People v. Ake

106 N.W.2d 800 | Mich. | 1961

362 Mich. 134 (1961)
106 N.W.2d 800

PEOPLE
v.
AKE.

Docket No. 59, Calendar No. 48,600.

Supreme Court of Michigan.

Decided January 9, 1961.

Paul L. Adams, Attorney General, Samuel J. Torina, Solicitor General, and Michael C. Dionise, Prosecuting Attorney, for the people.

Herbert W. Devine, for defendant.

DETHMERS, C.J.

Defendant had shot and killed her husband. She was convicted by a jury of murder in the first degree and sentenced to life imprisonment. She appeals from denial of her motion for new trial.

Pertinent facts follow: On the day in question defendant had signed a complaint charging her husband with assault and battery committed against her. At about 6 p.m. a deputy sheriff went to defendant's home, served the warrant, and took the husband to the county jail. The latter was soon arraigned before a justice of the peace, trial was had, and a fine was imposed on the husband which he paid. He was in the jail about 1-1/2 hours. While he was there defendant wife called there by telephone and said that she wanted her husband kept in jail because she was afraid of him. The husband, upon learning that his wife was calling, applied a profane name to her. The sheriff advised him not to go home that evening for fear of further trouble with her. The husband then said he would "knock her damn head off." At that time he was swearing and cursing and in a very ugly mood toward his wife. The sheriff and his deputies knew *136 that if he went home then he probably would beat his wife again. As he was being released from jail he promised the sheriff and 2 deputies that he would not then go back to the house but would sleep in his car and go to work in the morning. The husband did return to his home, however, and forced an entry by breaking down the door. Defendant and her mother, seeing the approach of his car, went into the attic to avoid him because they were afraid of him. After walking around some minutes in the house he started up the attic stairs. Defendant told him not to come up, that she would stay there all night if necessary but that she would not let him come up.

He, nevertheless, advanced up the stairs and she then shot and killed him.
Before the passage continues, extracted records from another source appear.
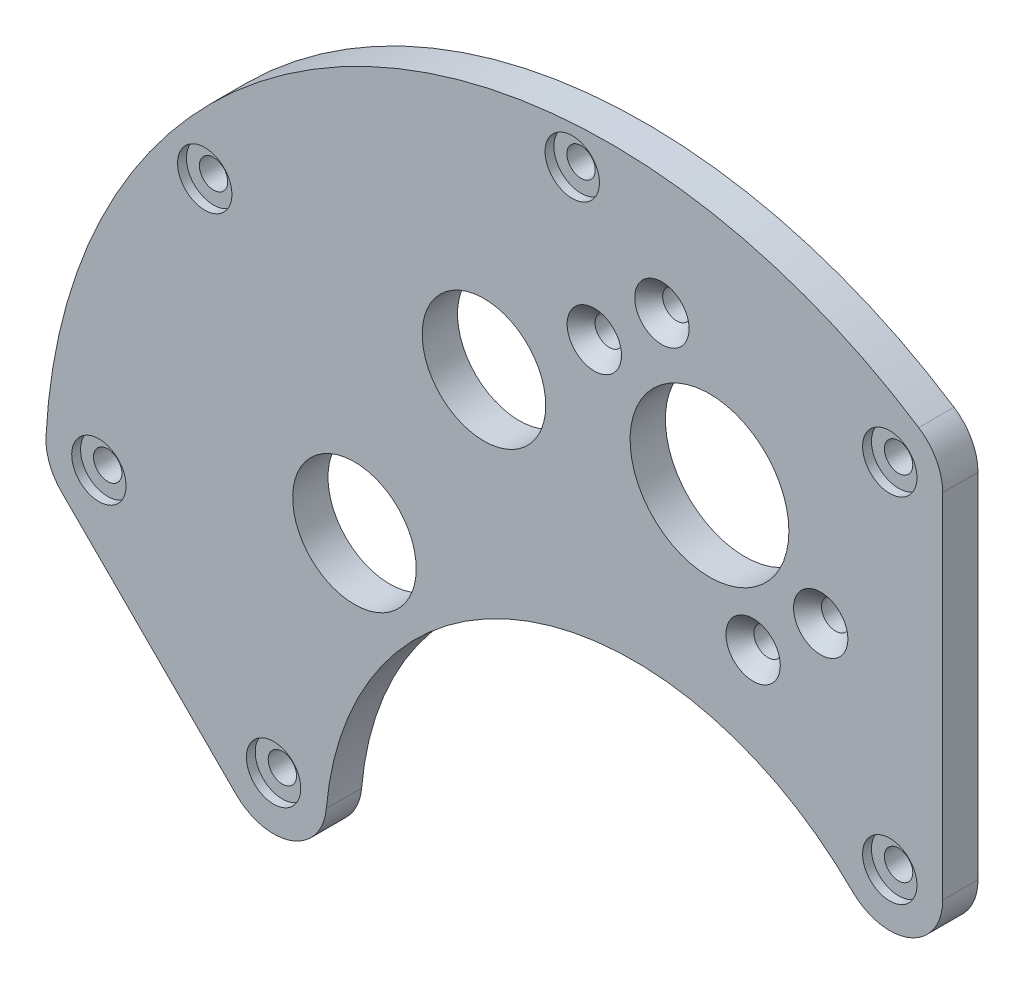
ISO-10303-21;
HEADER;
FILE_DESCRIPTION(('STEP AP214'),'2;1');
FILE_NAME('part.step','',(''),(''),'','','');
FILE_SCHEMA(('AUTOMOTIVE_DESIGN { 1 0 10303 214 1 1 1 1 }'));
ENDSEC;
DATA;
#1=APPLICATION_CONTEXT('core data for automotive mechanical design processes');
#2=APPLICATION_PROTOCOL_DEFINITION('international standard','automotive_design',2000,#1);
#3=PRODUCT_CONTEXT('',#1,'mechanical');
#4=PRODUCT('Part','Part','',(#3));
#5=PRODUCT_RELATED_PRODUCT_CATEGORY('part','',(#4));
#6=PRODUCT_DEFINITION_FORMATION('','',#4);
#7=PRODUCT_DEFINITION_CONTEXT('part definition',#1,'design');
#8=PRODUCT_DEFINITION('design','',#6,#7);
#9=PRODUCT_DEFINITION_SHAPE('','',#8);
#10=(LENGTH_UNIT() NAMED_UNIT(*) SI_UNIT(.MILLI.,.METRE.));
#11=(NAMED_UNIT(*) PLANE_ANGLE_UNIT() SI_UNIT($,.RADIAN.));
#12=(NAMED_UNIT(*) SI_UNIT($,.STERADIAN.) SOLID_ANGLE_UNIT());
#13=UNCERTAINTY_MEASURE_WITH_UNIT(LENGTH_MEASURE(1.E-05),#10,'distance_accuracy_value','');
#14=(GEOMETRIC_REPRESENTATION_CONTEXT(3) GLOBAL_UNCERTAINTY_ASSIGNED_CONTEXT((#13)) GLOBAL_UNIT_ASSIGNED_CONTEXT((#10,
#11,#12)) REPRESENTATION_CONTEXT('',''));
#15=CARTESIAN_POINT('',(0.,0.,0.));
#16=DIRECTION('',(0.,0.,1.));
#17=DIRECTION('',(1.,0.,0.));
#18=AXIS2_PLACEMENT_3D('',#15,#16,#17);
#19=CARTESIAN_POINT('',(46.0238126204794,46.0238126204794,1.5875));
#20=DIRECTION('',(0.,0.,-1.));
#21=DIRECTION('',(-1.,0.,0.));
#22=AXIS2_PLACEMENT_3D('',#19,#20,#21);
#23=PLANE('',#22);
#24=CARTESIAN_POINT('',(46.0238126204794,46.0238126204794,1.5875));
#25=DIRECTION('',(0.,0.,1.));
#26=DIRECTION('',(1.,0.,0.));
#27=AXIS2_PLACEMENT_3D('',#24,#25,#26);
#28=CIRCLE('',#27,4.8895);
#29=CARTESIAN_POINT('',(50.9133126204794,46.0238126204794,1.5875));
#30=VERTEX_POINT('',#29);
#31=EDGE_CURVE('E9',#30,#30,#28,.T.);
#32=ORIENTED_EDGE('',*,*,#31,.T.);
#33=EDGE_LOOP('',(#32));
#34=FACE_BOUND('',#33,.T.);
#35=CARTESIAN_POINT('',(46.0238126204794,46.0238126204794,1.58749999999999));
#36=DIRECTION('',(0.,0.,1.));
#37=DIRECTION('',(1.,0.,0.));
#38=AXIS2_PLACEMENT_3D('',#35,#36,#37);
#39=CIRCLE('',#38,2.5527);
#40=CARTESIAN_POINT('',(48.5765126204794,46.0238126204794,1.58749999999999));
#41=VERTEX_POINT('',#40);
#42=EDGE_CURVE('E25',#41,#41,#39,.T.);
#43=ORIENTED_EDGE('',*,*,#42,.F.);
#44=EDGE_LOOP('',(#43));
#45=FACE_BOUND('',#44,.T.);
#46=ADVANCED_FACE('F15',(#34,#45),#23,.F.);
#47=CARTESIAN_POINT('',(46.0238126204794,46.0238126204794,2.38125));
#48=DIRECTION('',(0.,0.,1.));
#49=DIRECTION('',(1.,0.,0.));
#50=AXIS2_PLACEMENT_3D('',#47,#48,#49);
#51=CYLINDRICAL_SURFACE('',#50,4.8895);
#52=CARTESIAN_POINT('',(46.0238126204794,46.0238126204794,3.175));
#53=DIRECTION('',(0.,0.,-1.));
#54=DIRECTION('',(0.,-1.,0.));
#55=AXIS2_PLACEMENT_3D('',#52,#53,#54);
#56=CIRCLE('',#55,4.8895);
#57=CARTESIAN_POINT('',(46.0238126204794,41.1343126204794,3.175));
#58=VERTEX_POINT('',#57);
#59=EDGE_CURVE('E85',#58,#58,#56,.T.);
#60=ORIENTED_EDGE('',*,*,#59,.F.);
#61=EDGE_LOOP('',(#60));
#62=FACE_BOUND('',#61,.T.);
#63=ORIENTED_EDGE('',*,*,#31,.F.);
#64=EDGE_LOOP('',(#63));
#65=FACE_BOUND('',#64,.T.);
#66=ADVANCED_FACE('F179',(#62,#65),#51,.F.);
#67=CARTESIAN_POINT('',(46.0238126204794,46.0238126204794,-209.94675213111));
#68=DIRECTION('',(0.,0.,1.));
#69=DIRECTION('',(1.,0.,0.));
#70=AXIS2_PLACEMENT_3D('',#67,#68,#69);
#71=CYLINDRICAL_SURFACE('',#70,2.5527);
#72=CARTESIAN_POINT('',(46.0238126204794,46.0238126204794,-3.17499999999999));
#73=DIRECTION('',(0.,0.,1.));
#74=DIRECTION('',(1.,0.,0.));
#75=AXIS2_PLACEMENT_3D('',#72,#73,#74);
#76=CIRCLE('',#75,2.5527);
#77=CARTESIAN_POINT('',(48.5765126204794,46.0238126204794,-3.17499999999999));
#78=VERTEX_POINT('',#77);
#79=EDGE_CURVE('E319',#78,#78,#76,.T.);
#80=ORIENTED_EDGE('',*,*,#79,.F.);
#81=EDGE_LOOP('',(#80));
#82=FACE_BOUND('',#81,.T.);
#83=ORIENTED_EDGE('',*,*,#42,.T.);
#84=EDGE_LOOP('',(#83));
#85=FACE_BOUND('',#84,.T.);
#86=ADVANCED_FACE('F185',(#82,#85),#71,.F.);
#87=CARTESIAN_POINT('',(-64.8398224120465,5.67274940608817,1.5875));
#88=DIRECTION('',(0.,0.,-1.));
#89=DIRECTION('',(-1.,0.,0.));
#90=AXIS2_PLACEMENT_3D('',#87,#88,#89);
#91=PLANE('',#90);
#92=CARTESIAN_POINT('',(-64.8398224120465,5.67274940608817,1.5875));
#93=DIRECTION('',(0.,0.,1.));
#94=DIRECTION('',(1.,0.,0.));
#95=AXIS2_PLACEMENT_3D('',#92,#93,#94);
#96=CIRCLE('',#95,4.8895);
#97=CARTESIAN_POINT('',(-59.9503224120465,5.67274940608817,1.5875));
#98=VERTEX_POINT('',#97);
#99=EDGE_CURVE('E322',#98,#98,#96,.T.);
#100=ORIENTED_EDGE('',*,*,#99,.T.);
#101=EDGE_LOOP('',(#100));
#102=FACE_BOUND('',#101,.T.);
#103=CARTESIAN_POINT('',(-64.8398224120465,5.67274940608817,1.58749999999999));
#104=DIRECTION('',(0.,0.,1.));
#105=DIRECTION('',(1.,0.,0.));
#106=AXIS2_PLACEMENT_3D('',#103,#104,#105);
#107=CIRCLE('',#106,2.5527);
#108=CARTESIAN_POINT('',(-62.2871224120465,5.67274940608817,1.58749999999999));
#109=VERTEX_POINT('',#108);
#110=EDGE_CURVE('E325',#109,#109,#107,.T.);
#111=ORIENTED_EDGE('',*,*,#110,.F.);
#112=EDGE_LOOP('',(#111));
#113=FACE_BOUND('',#112,.T.);
#114=ADVANCED_FACE('F191',(#102,#113),#91,.F.);
#115=CARTESIAN_POINT('',(-64.8398224120465,5.67274940608817,2.38125));
#116=DIRECTION('',(0.,0.,1.));
#117=DIRECTION('',(1.,0.,0.));
#118=AXIS2_PLACEMENT_3D('',#115,#116,#117);
#119=CYLINDRICAL_SURFACE('',#118,4.8895);
#120=CARTESIAN_POINT('',(-64.8398224120465,5.67274940608817,3.175));
#121=DIRECTION('',(0.,0.,-1.));
#122=DIRECTION('',(0.,-1.,0.));
#123=AXIS2_PLACEMENT_3D('',#120,#121,#122);
#124=CIRCLE('',#123,4.8895);
#125=CARTESIAN_POINT('',(-64.8398224120465,0.783249406088172,3.175));
#126=VERTEX_POINT('',#125);
#127=EDGE_CURVE('E330',#126,#126,#124,.T.);
#128=ORIENTED_EDGE('',*,*,#127,.F.);
#129=EDGE_LOOP('',(#128));
#130=FACE_BOUND('',#129,.T.);
#131=ORIENTED_EDGE('',*,*,#99,.F.);
#132=EDGE_LOOP('',(#131));
#133=FACE_BOUND('',#132,.T.);
#134=ADVANCED_FACE('F194',(#130,#133),#119,.F.);
#135=CARTESIAN_POINT('',(-64.8398224120465,5.67274940608817,-209.94675213111));
#136=DIRECTION('',(0.,0.,1.));
#137=DIRECTION('',(1.,0.,0.));
#138=AXIS2_PLACEMENT_3D('',#135,#136,#137);
#139=CYLINDRICAL_SURFACE('',#138,2.5527);
#140=CARTESIAN_POINT('',(-64.8398224120465,5.67274940608817,-3.17499999999999));
#141=DIRECTION('',(0.,0.,1.));
#142=DIRECTION('',(1.,0.,0.));
#143=AXIS2_PLACEMENT_3D('',#140,#141,#142);
#144=CIRCLE('',#143,2.5527);
#145=CARTESIAN_POINT('',(-62.2871224120465,5.67274940608817,-3.17499999999999));
#146=VERTEX_POINT('',#145);
#147=EDGE_CURVE('E332',#146,#146,#144,.T.);
#148=ORIENTED_EDGE('',*,*,#147,.F.);
#149=EDGE_LOOP('',(#148));
#150=FACE_BOUND('',#149,.T.);
#151=ORIENTED_EDGE('',*,*,#110,.T.);
#152=EDGE_LOOP('',(#151));
#153=FACE_BOUND('',#152,.T.);
#154=ADVANCED_FACE('F200',(#150,#153),#139,.F.);
#155=CARTESIAN_POINT('',(-77.2257890029602,92.0341114852002,1.5875));
#156=DIRECTION('',(0.,0.,-1.));
#157=DIRECTION('',(-1.,0.,0.));
#158=AXIS2_PLACEMENT_3D('',#155,#156,#157);
#159=PLANE('',#158);
#160=CARTESIAN_POINT('',(-77.2257890029602,92.0341114852002,1.5875));
#161=DIRECTION('',(0.,0.,1.));
#162=DIRECTION('',(1.,0.,0.));
#163=AXIS2_PLACEMENT_3D('',#160,#161,#162);
#164=CIRCLE('',#163,4.8895);
#165=CARTESIAN_POINT('',(-72.3362890029602,92.0341114852002,1.5875));
#166=VERTEX_POINT('',#165);
#167=EDGE_CURVE('E336',#166,#166,#164,.T.);
#168=ORIENTED_EDGE('',*,*,#167,.T.);
#169=EDGE_LOOP('',(#168));
#170=FACE_BOUND('',#169,.T.);
#171=CARTESIAN_POINT('',(-77.2257890029602,92.0341114852002,1.58749999999999));
#172=DIRECTION('',(0.,0.,1.));
#173=DIRECTION('',(1.,0.,0.));
#174=AXIS2_PLACEMENT_3D('',#171,#172,#173);
#175=CIRCLE('',#174,2.5527);
#176=CARTESIAN_POINT('',(-74.6730890029602,92.0341114852002,1.58749999999999));
#177=VERTEX_POINT('',#176);
#178=EDGE_CURVE('E345',#177,#177,#175,.T.);
#179=ORIENTED_EDGE('',*,*,#178,.F.);
#180=EDGE_LOOP('',(#179));
#181=FACE_BOUND('',#180,.T.);
#182=ADVANCED_FACE('F196',(#170,#181),#159,.F.);
#183=CARTESIAN_POINT('',(-77.2257890029602,92.0341114852002,2.38125));
#184=DIRECTION('',(0.,0.,1.));
#185=DIRECTION('',(1.,0.,0.));
#186=AXIS2_PLACEMENT_3D('',#183,#184,#185);
#187=CYLINDRICAL_SURFACE('',#186,4.8895);
#188=CARTESIAN_POINT('',(-77.2257890029602,92.0341114852002,3.175));
#189=DIRECTION('',(0.,0.,-1.));
#190=DIRECTION('',(0.,-1.,0.));
#191=AXIS2_PLACEMENT_3D('',#188,#189,#190);
#192=CIRCLE('',#191,4.8895);
#193=CARTESIAN_POINT('',(-77.2257890029602,87.1446114852002,3.175));
#194=VERTEX_POINT('',#193);
#195=EDGE_CURVE('E339',#194,#194,#192,.T.);
#196=ORIENTED_EDGE('',*,*,#195,.F.);
#197=EDGE_LOOP('',(#196));
#198=FACE_BOUND('',#197,.T.);
#199=ORIENTED_EDGE('',*,*,#167,.F.);
#200=EDGE_LOOP('',(#199));
#201=FACE_BOUND('',#200,.T.);
#202=ADVANCED_FACE('F199',(#198,#201),#187,.F.);
#203=CARTESIAN_POINT('',(-77.2257890029602,92.0341114852002,-209.94675213111));
#204=DIRECTION('',(0.,0.,1.));
#205=DIRECTION('',(1.,0.,0.));
#206=AXIS2_PLACEMENT_3D('',#203,#204,#205);
#207=CYLINDRICAL_SURFACE('',#206,2.5527);
#208=CARTESIAN_POINT('',(-77.2257890029602,92.0341114852002,-3.17499999999999));
#209=DIRECTION('',(0.,0.,1.));
#210=DIRECTION('',(1.,0.,0.));
#211=AXIS2_PLACEMENT_3D('',#208,#209,#210);
#212=CIRCLE('',#211,2.5527);
#213=CARTESIAN_POINT('',(-74.6730890029602,92.0341114852002,-3.17499999999999));
#214=VERTEX_POINT('',#213);
#215=EDGE_CURVE('E342',#214,#214,#212,.T.);
#216=ORIENTED_EDGE('',*,*,#215,.F.);
#217=EDGE_LOOP('',(#216));
#218=FACE_BOUND('',#217,.T.);
#219=ORIENTED_EDGE('',*,*,#178,.T.);
#220=EDGE_LOOP('',(#219));
#221=FACE_BOUND('',#220,.T.);
#222=ADVANCED_FACE('F206',(#218,#221),#207,.F.);
#223=CARTESIAN_POINT('',(-11.1041994228053,126.921580182956,1.5875));
#224=DIRECTION('',(0.,0.,-1.));
#225=DIRECTION('',(-1.,0.,0.));
#226=AXIS2_PLACEMENT_3D('',#223,#224,#225);
#227=PLANE('',#226);
#228=CARTESIAN_POINT('',(-11.1041994228053,126.921580182956,1.5875));
#229=DIRECTION('',(0.,0.,1.));
#230=DIRECTION('',(1.,0.,0.));
#231=AXIS2_PLACEMENT_3D('',#228,#229,#230);
#232=CIRCLE('',#231,4.8895);
#233=CARTESIAN_POINT('',(-6.21469942280526,126.921580182956,1.5875));
#234=VERTEX_POINT('',#233);
#235=EDGE_CURVE('E348',#234,#234,#232,.T.);
#236=ORIENTED_EDGE('',*,*,#235,.T.);
#237=EDGE_LOOP('',(#236));
#238=FACE_BOUND('',#237,.T.);
#239=CARTESIAN_POINT('',(-11.1041994228053,126.921580182956,1.58749999999999));
#240=DIRECTION('',(0.,0.,1.));
#241=DIRECTION('',(1.,0.,0.));
#242=AXIS2_PLACEMENT_3D('',#239,#240,#241);
#243=CIRCLE('',#242,2.5527);
#244=CARTESIAN_POINT('',(-8.55149942280526,126.921580182956,1.58749999999999));
#245=VERTEX_POINT('',#244);
#246=EDGE_CURVE('E357',#245,#245,#243,.T.);
#247=ORIENTED_EDGE('',*,*,#246,.F.);
#248=EDGE_LOOP('',(#247));
#249=FACE_BOUND('',#248,.T.);
#250=ADVANCED_FACE('F202',(#238,#249),#227,.F.);
#251=CARTESIAN_POINT('',(-11.1041994228053,126.921580182956,2.38125));
#252=DIRECTION('',(0.,0.,1.));
#253=DIRECTION('',(1.,0.,0.));
#254=AXIS2_PLACEMENT_3D('',#251,#252,#253);
#255=CYLINDRICAL_SURFACE('',#254,4.8895);
#256=CARTESIAN_POINT('',(-11.1041994228053,126.921580182956,3.175));
#257=DIRECTION('',(0.,0.,-1.));
#258=DIRECTION('',(0.,-1.,0.));
#259=AXIS2_PLACEMENT_3D('',#256,#257,#258);
#260=CIRCLE('',#259,4.8895);
#261=CARTESIAN_POINT('',(-11.1041994228053,122.032080182956,3.175));
#262=VERTEX_POINT('',#261);
#263=EDGE_CURVE('E351',#262,#262,#260,.T.);
#264=ORIENTED_EDGE('',*,*,#263,.F.);
#265=EDGE_LOOP('',(#264));
#266=FACE_BOUND('',#265,.T.);
#267=ORIENTED_EDGE('',*,*,#235,.F.);
#268=EDGE_LOOP('',(#267));
#269=FACE_BOUND('',#268,.T.);
#270=ADVANCED_FACE('F205',(#266,#269),#255,.F.);
#271=CARTESIAN_POINT('',(-11.1041994228053,126.921580182956,-209.94675213111));
#272=DIRECTION('',(0.,0.,1.));
#273=DIRECTION('',(1.,0.,0.));
#274=AXIS2_PLACEMENT_3D('',#271,#272,#273);
#275=CYLINDRICAL_SURFACE('',#274,2.5527);
#276=CARTESIAN_POINT('',(-11.1041994228053,126.921580182956,-3.17499999999999));
#277=DIRECTION('',(0.,0.,1.));
#278=DIRECTION('',(1.,0.,0.));
#279=AXIS2_PLACEMENT_3D('',#276,#277,#278);
#280=CIRCLE('',#279,2.5527);
#281=CARTESIAN_POINT('',(-8.55149942280526,126.921580182956,-3.17499999999999));
#282=VERTEX_POINT('',#281);
#283=EDGE_CURVE('E354',#282,#282,#280,.T.);
#284=ORIENTED_EDGE('',*,*,#283,.F.);
#285=EDGE_LOOP('',(#284));
#286=FACE_BOUND('',#285,.T.);
#287=ORIENTED_EDGE('',*,*,#246,.T.);
#288=EDGE_LOOP('',(#287));
#289=FACE_BOUND('',#288,.T.);
#290=ADVANCED_FACE('F212',(#286,#289),#275,.F.);
#291=CARTESIAN_POINT('',(46.0238126204794,109.523812620479,1.5875));
#292=DIRECTION('',(0.,0.,-1.));
#293=DIRECTION('',(-1.,0.,0.));
#294=AXIS2_PLACEMENT_3D('',#291,#292,#293);
#295=PLANE('',#294);
#296=CARTESIAN_POINT('',(46.0238126204794,109.523812620479,1.5875));
#297=DIRECTION('',(0.,0.,1.));
#298=DIRECTION('',(1.,0.,0.));
#299=AXIS2_PLACEMENT_3D('',#296,#297,#298);
#300=CIRCLE('',#299,4.8895);
#301=CARTESIAN_POINT('',(50.9133126204794,109.523812620479,1.5875));
#302=VERTEX_POINT('',#301);
#303=EDGE_CURVE('E360',#302,#302,#300,.T.);
#304=ORIENTED_EDGE('',*,*,#303,.T.);
#305=EDGE_LOOP('',(#304));
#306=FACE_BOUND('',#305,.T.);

Claims of newly-discovered evidence relate to the above-mentioned statements and threats made by the husband to the sheriff and 2 deputies and to the appearance and attitude of the husband at that time. One of the 2 deputies was not called by the prosecution as a witness nor was his name indorsed on the information. The other deputy was called as a people's witness, but he was not questioned nor did he testify about the mentioned occurrences at the county jail. Defendant's mother was present in the courtroom, was called as a defendant's witness, but was not made or called as a people's witness.

The defense raised to the charge of murder was self-defense. The defendant urges that the previous threats and conduct of the deceased husband were material to that defense and might properly have been shown in evidence had they been known to her at trial. Evidence of "the threat is relevant because it tends to show the feeling of the deceased toward the defendant." 26 Am Jur, Homicide, § 143. This is supported by Brownell v. People, 38 Mich. 732. Defendant says, however, that she and her counsel knew nothing of those occurrences at time of trial. *137 The defendant contends that the prosecuting attorney knew or should have known about them and that in failing to bring them to light at trial he deprived defendant of substantial rights and was remiss in the discharge of his official duties, citing Hurd v. People, 25 Mich. 405, People v. Etter, 81 Mich. 570, Wellar v. People, 30 Mich. 16. We think defendant's position well taken.

It appears from the record that the existence of such evidence, known to the 2 deputies, was unknown to the defense at trial and is now newly discovered insofar as defendant is concerned. It would not have been merely cumulative as there was no other evidence of this character, except that of his earlier assault and battery and consequent arrest, concerning the husband's attitude and threats shortly before the shooting. It does not appear that the defense had any reason to suspect the existence of or was lacking in reasonable diligence is not discovering and producing such evidence at trial. That it is of such nature as to render a different result probable seems self-evident. These are the tests laid down in Canfield v. City of Jackson, 112 Mich. 120, People v. Inman, 315 Mich. 456, People v. Pizzino, 313 Mich. 97, People v. Bauman, 332 Mich. 198, People v. Fedderson, 327 Mich. 213, People v. Paugh, 324 Mich. 108, for determining the right to a new trial on the ground of newly-discovered evidence.

We find no merit in defendant's claim of error in the people's failure to include on the information the name of defendant's mother or to call her as a witness. She did not see the shooting. See People v. Keywell, 256 Mich. 139. She was present at trial and testified as a defense witness. See People v. Resh, 107 Mich. 251. As to a prosecutor not being required to call eyewitnesses to the stand under certain circumstances, such as their relationship to the accused, see People v. Raider, 256 Mich. 131.

*138 We think a new trial should have been granted and it is so ordered.

CARR, KELLY, SMITH, BLACK, EDWARDS, KAVANAGH, and SOURIS, JJ., concurred.